My only real point is that when the government steps in, everyone gets crapped on.


----------



## J-Bees (Jul 12, 2008)

*wouldn't be in charge when the Africans got here.*



jjgbee said:


> Do you want more govt? When they were inpowered before they made so many unpopular decisions that the beeks ran them off. Example; To stop Treak mites, burn the hives. When they saw African bees coming our way, they disbanded the law so they (CDFA) wouldn't be in charge when the Africans got here.



Do you meen that you all are that out of date out there?? Them folk have been here a long time now:}:}


----------



## jjgbee (Oct 12, 2006)

Hey Tom, Your county registration fee covers the cost of random AFB inspection. The apiary board law was suspended almost 20 years ago. It should not be confused with the Calif. Honey Advisory Board that dealt specificaly with marketing Calif. honey. It was disbanded when Nat. Honey Board started up.


----------



## loggermike (Jul 23, 2000)

FOOD AND AGRICULTURAL CODE SECTION 29020-29028 


29020. There is in the department the Apiary Board, consisting of
five members appointed by the director. The members of the board
shall be assessment-paying beekeepers who reside in California and
who represent the major geographical divisions of the beekeeping
industry. The director may appoint an additional member on the board
who shall be a public member.
-----
As you can see this will have to be re-written in order to charge the foreigners...I mean out of staters. And if they have to pay, surely they will have some representation-right? I mean we wouldn't just take their money....


-


----------



## loggermike (Jul 23, 2000)

What I am trying to say here is this:Its possible some of my out of state friends are about to get hit with some substantial new fees in California and this is a 'heads up' .
---Mike


----------



## tecumseh (Apr 26, 2005)

loggermike writes:
Who is pushing for this?

mr laury writes: The almond board is working on a bee health certification program to assure growers they are getting "healthy" colonies certified before pollination.

tecumseh: well there's your answer to that one.

loggermike then writes:
Its possible some of my out of state friends are about to get hit with some substantial new fees in California and this is a 'heads up' .

tecumseh replies: sounds like that is really what is in the works here.... ie a fee designed to tag folks that are not from california. 

at least I see that in california as in bid-ness lovin' texas that this will be pushed as a fee and not a tax.

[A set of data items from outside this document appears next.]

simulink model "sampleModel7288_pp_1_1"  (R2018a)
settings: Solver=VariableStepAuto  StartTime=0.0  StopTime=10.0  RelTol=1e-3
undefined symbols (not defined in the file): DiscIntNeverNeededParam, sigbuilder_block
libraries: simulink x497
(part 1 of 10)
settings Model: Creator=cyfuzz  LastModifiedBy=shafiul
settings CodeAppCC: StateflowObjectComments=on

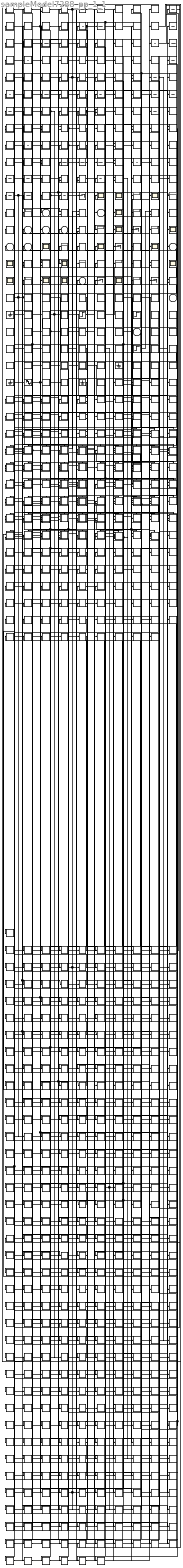
== system sampleModel7288_pp_1_1 ==
  cfblk180 : Inport
  cfblk198 : Inport  Port=2
  cfblk{1,9,50,54..55,58,83,85,88} (9 alike) : simulink/Discrete/Difference  ICPrevInput=0.0  OutMin=[]  OutMax=[]  OutDataTypeStr=double  OutputDataTypeScalingMode=double  OutDataType=fixdt(1, 16)  OutScaling=2^-10  DoSatur=off
  cfblk{10,20,40,56,59..60,102,106,111,114} (10 alike) : DiscreteIntegrator  OutDataTypeStr=double  ICPrevOutput=DiscIntNeverNeededParam  ICPrevScaledInput=DiscIntNeverNeededParam
  cfblk{28,77,89,100} (4 alike) : simulink/Discrete/Transfer Fcn Lead or Lag  PoleZ=0.95  ZeroZ=0.75  ICPrevOutput=0.0  ICPrevInput=0.0  DoSatur=off
      settings: SourceProductName=Simulink  SourceProductBaseCode=SL
  cfblk{5,16,49,53,61,69,96,101} (8 alike) : DiscreteTransferFcn  SampleTime=1
  cfblk{12,39,45,103} (4 alike) : simulink/Discrete/Transfer Fcn Real Zero  ZeroZ=0.75  ICPrevInput=0.0  DoSatur=off
      settings: SourceProductName=Simulink  SourceProductBaseCode=SL
  cfblk{71,80,92,97,104..105} (6 alike) : simulink/Continuous/PID Controller (2DOF)  Controller=PID  TimeDomain=Discrete-time  SampleTime=1  IntegratorMethod=Forward Euler  FilterMethod=Forward Euler  Form=Parallel  UseFilter=on  ControllerParametersSource=internal  P=1  I=1  D=0  N=100  b=1  c=1  InitialConditionSource=internal  InitialConditionForIntegrator=0  InitialConditionForFilter=0  ExternalReset=none  LimitOutput=off  UpperSaturationLimit=inf  LowerSaturationLimit=-inf  LinearizeAsGain=off  AntiWindupMode=none  Kb=1  TrackingMode=off  Kt=1  PParamMin=[]  PParamMax=[]  IParamMin=[]  IParamMax=[]  DParamMin=[]  DParamMax=[]  NParamMin=[]  NParamMax=[]  bParamMin=[]  bParamMax=[]  cParamMin=[]  cParamMax=[]  KbParamMin=[]  KbParamMax=[]  KtParamMin=[]  KtParamMax=[]  POutMin=[]  POutMax=[]  IOutMin=[]  IOutMax=[]  DOutMin=[]  DOutMax=[]  NOutMin=[]  NOutMax=[]  bOutMin=[]  bOutMax=[]  cOutMin=[]  cOutMax=[]  KbOutMin=[]  KbOutMax=[]  KtOutMin=[]  KtOutMax=[]  IntegratorOutMin=[]  IntegratorOutMax=[]  FilterOutMin=[]  FilterOutMax=[]  SumOutMin=[]  SumOutMax=[]  Sum1OutMin=[]  Sum1OutMax=[]  Sum2OutMin=[]  Sum2OutMax=[]  Sum3OutMin=[]  Sum3OutMax=[]  SumI1OutMin=[]  SumI1OutMax=[]  SumI2OutMin=[]  SumI2OutMax=[]  SumI3OutMin=[]  SumI3OutMax=[]  SumDOutMin=[]  SumDOutMax=[]  SaturationOutMin=[]  SaturationOutMax=[]  IntegratorContinuousStateAttributes=''  IntegratorStateMustResolveToSignalObject=off  IntegratorRTWStateStorageClass=Auto  FilterContinuousStateAttributes=''  FilterStateMustResolveToSignalObject=off  FilterRTWStateStorageClass=Auto  DifferentiatorICPrevScaledInput=0  DifferentiatorOutMin=[]  DifferentiatorOutMax=[]  FilterDiffOutCoefMin=[]  FilterDiffOutCoefMax=[]  SumDenOutMin=[]  SumDenOutMax=[]  SumNumOutMin=[]  SumNumOutMax=[]  ReciprocalOutMin=[]  ReciprocalOutMax=[]  DivideOutMin=[]  DivideOutMax=[]  TunerSelectOption=Transfer Function Based (PID Tuner App)
  cfblk{3,22,48,72..74,87,107} (8 alike) : Delay  DelayLengthSource=Input port  SampleTime=1
      settings: InputPortMap=u0,p1
  cfblk{43,65,76,84,91,108..109} (7 alike) : DiscreteZeroPole  Poles=[0 0.5]  Gain=1
  cfblk{7,11,44,52,63,90} (6 alike) : simulink/Discrete/Transfer Fcn First Order  PoleZ=0.95  ICPrevOutput=0.0  DoSatur=off
      settings: SourceProductName=Simulink
  cfblk{18,26,34..35,46,57,68,81,86,99,110} (11 alike) : simulink/Continuous/PID Controller  Controller=PID  TimeDomain=Discrete-time  SampleTime=1  IntegratorMethod=Forward Euler  FilterMethod=Forward Euler  Form=Parallel  UseFilter=on  ControllerParametersSource=internal  P=1  I=1  D=0  N=100  InitialConditionSource=internal  InitialConditionForIntegrator=0  InitialConditionForFilter=0  ExternalReset=none  LimitOutput=off  UpperSaturationLimit=inf  LowerSaturationLimit=-inf  LinearizeAsGain=off  AntiWindupMode=none  Kb=1  TrackingMode=off  Kt=1  PParamMin=[]  PParamMax=[]  IParamMin=[]  IParamMax=[]  DParamMin=[]  DParamMax=[]  NParamMin=[]  NParamMax=[]  KbParamMin=[]  KbParamMax=[]  KtParamMin=[]  KtParamMax=[]  POutMin=[]  POutMax=[]  IOutMin=[]  IOutMax=[]  DOutMin=[]  DOutMax=[]  NOutMin=[]  NOutMax=[]  KbOutMin=[]  KbOutMax=[]  KtOutMin=[]  KtOutMax=[]  IntegratorOutMin=[]  IntegratorOutMax=[]  FilterOutMin=[]  FilterOutMax=[]  SumOutMin=[]  SumOutMax=[]  SumI1OutMin=[]  SumI1OutMax=[]  SumI2OutMin=[]  SumI2OutMax=[]  SumI3OutMin=[]  SumI3OutMax=[]  SumDOutMin=[]  SumDOutMax=[]  SaturationOutMin=[]  SaturationOutMax=[]  IntegratorContinuousStateAttributes=''  IntegratorStateMustResolveToSignalObject=off  IntegratorRTWStateStorageClass=Auto  FilterContinuousStateAttributes=''  FilterStateMustResolveToSignalObject=off  FilterRTWStateStorageClass=Auto  DifferentiatorICPrevScaledInput=0  DifferentiatorOutMin=[]  DifferentiatorOutMax=[]  FilterDiffOutCoefMin=[]  FilterDiffOutCoefMax=[]  SumDenOutMin=[]  SumDenOutMax=[]  SumNumOutMin=[]  SumNumOutMax=[]  ReciprocalOutMin=[]  ReciprocalOutMax=[]  DivideOutMin=[]  DivideOutMax=[]  TunerSelectOption=Transfer Function Based (PID Tuner App)
  cfblk{6,23,30,94..95,112} (6 alike) : DiscreteFilter  SampleTime=1
  cfblk{8,19,24..25,31,37..38,62,64,67,113,320..375} (67 alike) : Delay  SampleTime=1
  cfblk{115,138,147,166,169} (5 alike) : Terminator
  cfblk{116..117,119,127,137,140,143,146,149,151,154,160..161,163..164,167} (16 alike) : Scope
      cfblk117 settings: Floating=on
      cfblk143 settings: Floating=on
      cfblk151 settings: Floating=on
      cfblk160 settings: Floating=on
      cfblk161 settings: Floating=on
      cfblk164 settings: Floating=on
      cfblk167 settings: Floating=on
  cfblk{118,120,122,128,136,139,144,155,157,162,168} (11 alike) : Display
  cfblk121 : ToWorkspace  VariableName=ajgaihg  SaveFormat=Timeseries  SampleTime=-1
  cfblk{124..125,129,135,152..153,159,170} (8 alike) : simulink/Sinks/XY Graph  xmin=-1  xmax=1  ymin=-1  ymax=1  st=-1
  cfblk{2,13..14,21,27,36,41..42,47,75} (10 alike) : simulink/Discrete/Tapped Delay  vinit=0.0  samptime=-1  NumDelays=1  DelayOrder=Oldest  includeCurrent=off
  cfblk130 : ToWorkspace  VariableName=uwfehsf  SaveFormat=Timeseries  SampleTime=-1
  cfblk131 : ToWorkspace  VariableName=zgsnsfd  SaveFormat=Timeseries  SampleTime=-1
  cfblk145 : ToWorkspace  VariableName=qxglayd  SaveFormat=Timeseries  SampleTime=-1
  cfblk148 : ToWorkspace  VariableName=ajdkbiq  SaveFormat=Timeseries  SampleTime=-1
  cfblk{15,29,32,51,82,98} (6 alike) : UnitDelay
  cfblk156 : ToWorkspace  VariableName=zvxkfyp  SaveFormat=Timeseries  SampleTime=-1
  cfblk158 : ToWorkspace  VariableName=xydmkth  SaveFormat=Timeseries  SampleTime=-1
  cfblk{4,17,33,70,79} (5 alike) : DiscreteStateSpace
  cfblk171 : simulink/Sources/Band-Limited White Noise  Cov=[0.1]  Ts=0.1  seed=[23341]
  cfblk{172,174,182,192,196,211,216} (7 alike) : simulink/Sources/Counter Limited  uplimit=7  tsamp=1
  cfblk173 : simulink/Sources/Band-Limited White Noise  Cov=[0.1]  Ts=0.1  seed=[23341]
  cfblk175 : DigitalClock
  cfblk176 : simulink/Sources/Counter Free-Running  NumBits=16  tsamp=1
  cfblk{177,179,191,197,204,207,226} (7 alike) : SignalGenerator  Units=rad/sec
  cfblk178 : simulink/Sources/Chirp Signal  f1=0.1  T=100  f2=1
  cfblk{181,217,221,225} (4 alike) : Ground
  cfblk183 : simulink/Sources/Ramp  slope=1  start=0  InitialOutput=0
  cfblk184 : simulink/Sources/Chirp Signal  f1=0.1  T=100  f2=1
  cfblk185 : Step  After=67  SampleTime=0
  cfblk{186,210,220,224} (4 alike) : simulink/Sources/Repeating Sequence  rep_seq_t=[0 2]  rep_seq_y=[0 2]
  cfblk{187,189..190,199,205,223} (6 alike) : DiscretePulseGenerator  PulseType=Time based  Period=10  PulseWidth=5
  cfblk188 : Step  After=98  SampleTime=0
  cfblk{193,206,212,219} (4 alike) : simulink/Sources/Repeating Sequence Interpolated  OutValues=[3 1 4 2 1].'  TimeValues=[0 0.1 0.5 0.6 1].'  LookUpMeth=Interpolation-Use End Values  tsamp=0.01  OutMin=[]  OutMax=[]  OutDataTypeStr=double  OutputDataTypeScalingMode=double  OutDataType=fixdt(0,8)  OutScaling=2^-10
  cfblk194 : UniformRandomNumber  SampleTime=0.1
  cfblk195 : UniformRandomNumber  SampleTime=0.1
  cfblk200 : Subsystem  Tag=STV Subsys  LoadFcn=sigbuilder_block('load');  StartFcn=sigbuilder_block('start');  StopFcn=sigbuilder_block('stop');  ClipboardFcn=sigbuilder_block('clipboard');  mask(Sigbuilder block){tuvar=[0:10]}
      mask help: Simulink:masks:SigbuilderBlock_MD
      mask init:
      | if ~strcmp(get_param(bdroot(gcbh),'SimulationStatus'),'stopped') tuvar = sigbuilder_block('maskInit'); end
      settings: CopyFcn=sigbuilder_block('copy');  DeleteFcn=sigbuilder_block('delete');  ModelCloseFcn=sigbuilder_block('modelClose');  PreSaveFcn=sigbuilder_block('preSave');  PauseFcn=sigbuilder_block('pause');  ContinueFcn=sigbuilder_block('continue');  NameChangeFcn=sigbuilder_block('namechange');  OpenFcn=sigbuilder_block('open',[437.6 199.2 550.4 400 ]);  CloseFcn=sigbuilder_block('close');
      mask Display: plot(0, 0, 100, 100,[2, 2, 32, 32, 2], [68, 8, 8, 68, 68],[32, 2], [38, 38], [32, 19, 2],[53, 60, 44], [32, 17, 17, 2],[16, 16, 31, 31]);txt = getActiveGroup(gcbh);text(2, 100, txt,'verticalAlignment', 'top');
  cfblk201 : simulink/Sources/Ramp  slope=1  start=0  InitialOutput=0
  cfblk202 : simulink/Sources/Repeating Sequence Stair  OutValues=[3 1 4 2 1].'  tsamp=1  OutMin=[]  OutMax=[]  OutDataTypeStr=double  OutputDataTypeScalingMode=double  OutDataType=fixdt(0,8)  ConRadixGroup=Best Precision: Vector-wise  OutScaling=2^-12
  cfblk203 : simulink/Sources/Repeating Sequence Stair  OutValues=[3 1 4 2 1].'  tsamp=1  OutMin=[]  OutMax=[]  OutDataTypeStr=double  OutputDataTypeScalingMode=double  OutDataType=fixdt(0,8)  ConRadixGroup=Best Precision: Vector-wise  OutScaling=2^-12
  cfblk208 : Step  After=14  SampleTime=0
  cfblk209 : simulink/Sources/Band-Limited White Noise  Cov=[0.1]  Ts=0.1  seed=[23341]
  cfblk213 : RandomNumber  SampleTime=0.1
  cfblk214 : Subsystem  Tag=STV Subsys  LoadFcn=sigbuilder_block('load');  StartFcn=sigbuilder_block('start');  StopFcn=sigbuilder_block('stop');  ClipboardFcn=sigbuilder_block('clipboard');  mask(Sigbuilder block){tuvar=[0:10]}
      mask help: Simulink:masks:SigbuilderBlock_MD
      mask init:
      | if ~strcmp(get_param(bdroot(gcbh),'SimulationStatus'),'stopped') tuvar = sigbuilder_block('maskInit'); end
      settings: CopyFcn=sigbuilder_block('copy');  DeleteFcn=sigbuilder_block('delete');  ModelCloseFcn=sigbuilder_block('modelClose');  PreSaveFcn=sigbuilder_block('preSave');  PauseFcn=sigbuilder_block('pause');  ContinueFcn=sigbuilder_block('continue');  NameChangeFcn=sigbuilder_block('namechange');  OpenFcn=sigbuilder_block('open',[437.6 199.2 550.4 400 ]);  CloseFcn=sigbuilder_block('close');
      mask Display: plot(0, 0, 100, 100,[2, 2, 32, 32, 2], [68, 8, 8, 68, 68],[32, 2], [38, 38], [32, 19, 2],[53, 60, 44], [32, 17, 17, 2],[16, 16, 31, 31]);txt = getActiveGroup(gcbh);text(2, 100, txt,'verticalAlignment', 'top');
  cfblk215 : Subsystem  Tag=STV Subsys  LoadFcn=sigbuilder_block('load');  StartFcn=sigbuilder_block('start');  StopFcn=sigbuilder_block('stop');  ClipboardFcn=sigbuilder_block('clipboard');  mask(Sigbuilder block){tuvar=[0:10]}
      mask help: Simulink:masks:SigbuilderBlock_MD
      mask init:
      | if ~strcmp(get_param(bdroot(gcbh),'SimulationStatus'),'stopped') tuvar = sigbuilder_block('maskInit'); end
      settings: CopyFcn=sigbuilder_block('copy');  DeleteFcn=sigbuilder_block('delete');  ModelCloseFcn=sigbuilder_block('modelClose');  PreSaveFcn=sigbuilder_block('preSave');  PauseFcn=sigbuilder_block('pause');  ContinueFcn=sigbuilder_block('continue');  NameChangeFcn=sigbuilder_block('namechange');  OpenFcn=sigbuilder_block('open',[437.6 199.2 550.4 400 ]);  CloseFcn=sigbuilder_block('close');
      mask Display: plot(0, 0, 100, 100,[2, 2, 32, 32, 2], [68, 8, 8, 68, 68],[32, 2], [38, 38], [32, 19, 2],[53, 60, 44], [32, 17, 17, 2],[16, 16, 31, 31]);txt = getActiveGroup(gcbh);text(2, 100, txt,'verticalAlignment', 'top');
  cfblk218 : simulink/Sources/Counter Free-Running  NumBits=16  tsamp=1
  cfblk222 : Sin  SampleTime=0
  cfblk{227..257} (31 alike) : If  SampleTime=1
  cfblk258 : Subsystem  TreatAsAtomicUnit=on
  cfblk259 : Subsystem  TreatAsAtomicUnit=on
  cfblk260 : Subsystem  TreatAsAtomicUnit=on
  cfblk261 : Subsystem  TreatAsAtomicUnit=on
  cfblk262 : Subsystem  TreatAsAtomicUnit=on
  cfblk263 : Subsystem  TreatAsAtomicUnit=on
  cfblk264 : Subsystem  TreatAsAtomicUnit=on
  cfblk265 : Subsystem  TreatAsAtomicUnit=on
  cfblk266 : Subsystem  TreatAsAtomicUnit=on
  cfblk267 : Subsystem  TreatAsAtomicUnit=on
  cfblk268 : Subsystem  TreatAsAtomicUnit=on
  cfblk269 : Subsystem  TreatAsAtomicUnit=on
  cfblk270 : Subsystem  TreatAsAtomicUnit=on
  cfblk271 : Subsystem  TreatAsAtomicUnit=on
  cfblk272 : Subsystem  TreatAsAtomicUnit=on
  cfblk273 : Subsystem  TreatAsAtomicUnit=on
  cfblk274 : Subsystem  TreatAsAtomicUnit=on
  cfblk275 : Subsystem  TreatAsAtomicUnit=on
  cfblk276 : Subsystem  TreatAsAtomicUnit=on
  cfblk277 : Subsystem  TreatAsAtomicUnit=on
  cfblk278 : Subsystem  TreatAsAtomicUnit=on
  cfblk279 : Subsystem  TreatAsAtomicUnit=on
  cfblk280 : Subsystem  TreatAsAtomicUnit=on
  cfblk281 : Subsystem  TreatAsAtomicUnit=on
  cfblk282 : Subsystem  TreatAsAtomicUnit=on
  cfblk283 : Subsystem  TreatAsAtomicUnit=on
  cfblk284 : Subsystem  TreatAsAtomicUnit=on
  cfblk285 : Subsystem  TreatAsAtomicUnit=on
  cfblk286 : Subsystem  TreatAsAtomicUnit=on
  cfblk287 : Subsystem  TreatAsAtomicUnit=on
  cfblk288 : Subsystem  TreatAsAtomicUnit=on
  cfblk289 : Subsystem  TreatAsAtomicUnit=on
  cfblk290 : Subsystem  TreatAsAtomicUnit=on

and yep that's how it is done here... afterall all those free market lovin' republicans would want to be accused of voting for an increase in taxes...


----------



## sqkcrk (Dec 10, 2005)

Tom G. Laury said:


> The old assessment was for funding AFB inspections primarily in other words something to benefit the beekeeper. The almond board is working on a bee health certification program to assure growers they are getting "healthy" colonies certified before pollination. This may be related to that. Also,even with all of the bees entering and leaving Calif. there is no State issued health certificate available to be had. Could be that other states want some kind of inspect before reentry.


Do you mean to say that California doesn't inspect colonies before they leave the state and they don't issue a Health Certificate? A Health Certificate from the State of Origin is required by California, as it is by South Carolina and New York. So how do colonies shipped to California get back to their state of origin w/out the proper paper work? 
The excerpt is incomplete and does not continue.